Ao enxergar a educação como um ato político, o pedagogo desenvolveu um método que visa à emancipação humana, contribuindo para a transformação de alunos e professores. “Para ele, o ato educativo pode superar a prática de dominação”, explica a professora e pesquisadora Marília Gabriela Menezes, da Cátedra Paulo Freire da Universidade Federal de Pernambuco (UFPE).
Escrito durante exílio no Chile, o livro Pedagogia do Oprimido (1968) sintetiza a ideia de educação comprometida com o empoderamento do sujeito. Proibida durante o período de ditadura militar, a obra só foi publicada no Brasil em 1974 e é hoje uma das mais citadas em trabalhos acadêmicos de todo o mundo.
Foco dos estudos de Paulo Freire, a preocupação com a educação de adultos resultou em uma experiência considerada revolucionária em 1963. No município de Angicos, a 170 quilômetros de Natal, no Rio Grande do Norte, 300 pessoas foram alfabetizadas em 40 horas a partir do método freireano.
“Ele teve a coragem de pôr em prática um trabalho que identificava a alfabetização como um processo de conscientização. Ao aprender a leitura e a escrita, o educando refletia sobre a sua própria condição de vida e era estimulado a pensar possibilidades de alterar a realidade opressora em que estava inserido”, destaca Ângela.
Acerca do impacto de Paulo Freire no sistema educacional brasileiro naquela época, a diretora do IPF avalia que o pensamento dele “desmistificou os sonhos do pedagogismo dos anos 1960, que, pelo menos na América Latina, sustentava a tese de que a escola tudo podia. De outro lado, conseguiu superar o pessimismo dos anos 1970, nos quais a escola era meramente reprodutora do status quo”.
“Paulo Freire reconheceu que a educação tem limites, que não é chave para a transformação social. Mas, sem ela, não é possível que essa transformação ocorra, porque se faz necessário uma compreensão crítica da realidade”, complementa a professora Marília Gabriela.

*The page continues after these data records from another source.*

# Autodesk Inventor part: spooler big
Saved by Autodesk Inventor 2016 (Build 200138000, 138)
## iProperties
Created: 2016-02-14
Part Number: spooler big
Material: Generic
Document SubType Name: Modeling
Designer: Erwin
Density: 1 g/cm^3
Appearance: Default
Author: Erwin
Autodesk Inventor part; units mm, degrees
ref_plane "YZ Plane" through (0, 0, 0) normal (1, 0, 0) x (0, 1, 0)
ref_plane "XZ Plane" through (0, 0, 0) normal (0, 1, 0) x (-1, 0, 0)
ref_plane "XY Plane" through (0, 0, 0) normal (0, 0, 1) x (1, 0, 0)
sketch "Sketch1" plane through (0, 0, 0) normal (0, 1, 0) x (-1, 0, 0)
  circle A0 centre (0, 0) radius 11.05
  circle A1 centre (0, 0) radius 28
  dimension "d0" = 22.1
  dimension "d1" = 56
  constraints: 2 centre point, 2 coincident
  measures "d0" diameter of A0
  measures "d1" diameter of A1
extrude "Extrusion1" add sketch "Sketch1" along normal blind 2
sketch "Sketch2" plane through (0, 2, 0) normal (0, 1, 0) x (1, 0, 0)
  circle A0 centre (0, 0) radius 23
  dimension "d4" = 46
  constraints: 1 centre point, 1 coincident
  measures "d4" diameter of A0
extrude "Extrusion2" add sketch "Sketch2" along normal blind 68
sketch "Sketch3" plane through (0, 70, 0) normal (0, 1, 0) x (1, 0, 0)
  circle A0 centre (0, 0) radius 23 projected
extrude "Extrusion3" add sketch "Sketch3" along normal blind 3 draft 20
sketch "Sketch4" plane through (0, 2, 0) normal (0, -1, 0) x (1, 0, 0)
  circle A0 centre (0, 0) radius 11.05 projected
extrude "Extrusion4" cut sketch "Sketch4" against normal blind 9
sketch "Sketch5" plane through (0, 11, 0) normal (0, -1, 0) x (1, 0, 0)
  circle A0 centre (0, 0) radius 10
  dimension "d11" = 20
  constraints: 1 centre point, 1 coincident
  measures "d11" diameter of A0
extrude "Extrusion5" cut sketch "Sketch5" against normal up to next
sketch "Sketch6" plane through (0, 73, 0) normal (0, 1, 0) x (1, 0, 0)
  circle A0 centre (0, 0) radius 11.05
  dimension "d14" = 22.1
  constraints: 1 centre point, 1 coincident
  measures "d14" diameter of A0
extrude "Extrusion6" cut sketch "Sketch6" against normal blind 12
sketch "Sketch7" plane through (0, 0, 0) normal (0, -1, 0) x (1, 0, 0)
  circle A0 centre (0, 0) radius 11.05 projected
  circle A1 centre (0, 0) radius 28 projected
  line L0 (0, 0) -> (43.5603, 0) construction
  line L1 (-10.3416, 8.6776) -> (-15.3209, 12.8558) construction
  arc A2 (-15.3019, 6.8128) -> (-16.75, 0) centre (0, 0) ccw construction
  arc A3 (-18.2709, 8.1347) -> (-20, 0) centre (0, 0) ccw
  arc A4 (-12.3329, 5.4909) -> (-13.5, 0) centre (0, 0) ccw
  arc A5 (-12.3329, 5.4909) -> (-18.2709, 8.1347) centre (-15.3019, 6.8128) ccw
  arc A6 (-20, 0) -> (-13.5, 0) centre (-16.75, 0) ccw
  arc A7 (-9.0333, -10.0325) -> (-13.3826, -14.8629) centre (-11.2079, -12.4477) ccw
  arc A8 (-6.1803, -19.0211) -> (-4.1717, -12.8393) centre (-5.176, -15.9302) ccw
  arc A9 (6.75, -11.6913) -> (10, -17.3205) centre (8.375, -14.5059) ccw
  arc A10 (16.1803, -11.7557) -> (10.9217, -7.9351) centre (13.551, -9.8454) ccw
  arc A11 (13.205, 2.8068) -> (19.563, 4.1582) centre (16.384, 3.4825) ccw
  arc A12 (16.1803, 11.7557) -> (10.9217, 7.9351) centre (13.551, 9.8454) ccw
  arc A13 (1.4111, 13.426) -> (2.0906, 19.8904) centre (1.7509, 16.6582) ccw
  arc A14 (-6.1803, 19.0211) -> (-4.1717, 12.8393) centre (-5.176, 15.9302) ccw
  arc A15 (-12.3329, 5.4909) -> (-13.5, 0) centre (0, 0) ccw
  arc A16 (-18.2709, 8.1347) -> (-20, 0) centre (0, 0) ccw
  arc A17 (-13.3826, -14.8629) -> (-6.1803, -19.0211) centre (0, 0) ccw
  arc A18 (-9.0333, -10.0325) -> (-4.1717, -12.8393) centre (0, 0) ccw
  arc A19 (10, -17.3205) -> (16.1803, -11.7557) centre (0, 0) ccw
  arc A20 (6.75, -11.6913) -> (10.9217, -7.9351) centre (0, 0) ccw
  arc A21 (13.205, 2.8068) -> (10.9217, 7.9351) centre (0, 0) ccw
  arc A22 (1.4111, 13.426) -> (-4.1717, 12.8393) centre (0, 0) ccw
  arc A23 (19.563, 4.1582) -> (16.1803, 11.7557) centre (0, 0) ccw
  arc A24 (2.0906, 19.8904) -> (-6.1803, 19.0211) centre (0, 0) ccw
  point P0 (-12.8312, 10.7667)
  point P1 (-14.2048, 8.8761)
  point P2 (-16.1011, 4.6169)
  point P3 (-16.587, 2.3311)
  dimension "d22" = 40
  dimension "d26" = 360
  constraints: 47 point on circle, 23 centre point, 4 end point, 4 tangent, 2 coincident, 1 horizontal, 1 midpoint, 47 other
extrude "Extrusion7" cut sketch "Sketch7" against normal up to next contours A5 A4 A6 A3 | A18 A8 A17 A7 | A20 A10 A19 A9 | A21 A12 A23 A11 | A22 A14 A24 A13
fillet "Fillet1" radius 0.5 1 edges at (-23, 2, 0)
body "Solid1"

Por outro lado, o empenho dele em contribuir para uma educação libertadora é enxergado por alguns como manipulação ideológica, a exemplo das críticas recentes feitas pelo movimento Escola Sem Partido. Em Pedagogia da Autonomia (1996), última obra publicada em vida, o educador, de alguma maneira, já se antecipava à questão:
“Posso não aceitar a concepção pedagógica deste ou daquele autor, e devo, inclusive, expor aos alunos as razões por que me oponho a ela, mas o que não posso, na minha crítica, é mentir. É dizer inverdades em torno deles. O preparo científico do professor ou da professora deve coincidir com sua retidão ética. É uma lástima qualquer descompasso entre aquela e esta. Formação científica, correção ética, respeito aos outros, coerência, capacidade de viver e de aprender com o diferente, não permitir que o nosso mal-estar pessoal ou a nossa antipatia com relação ao outro nos façam acusá-lo do que não fez são obrigações a cujo cumprimento devemos humilde, mas perseverantemente, nos dedicar.”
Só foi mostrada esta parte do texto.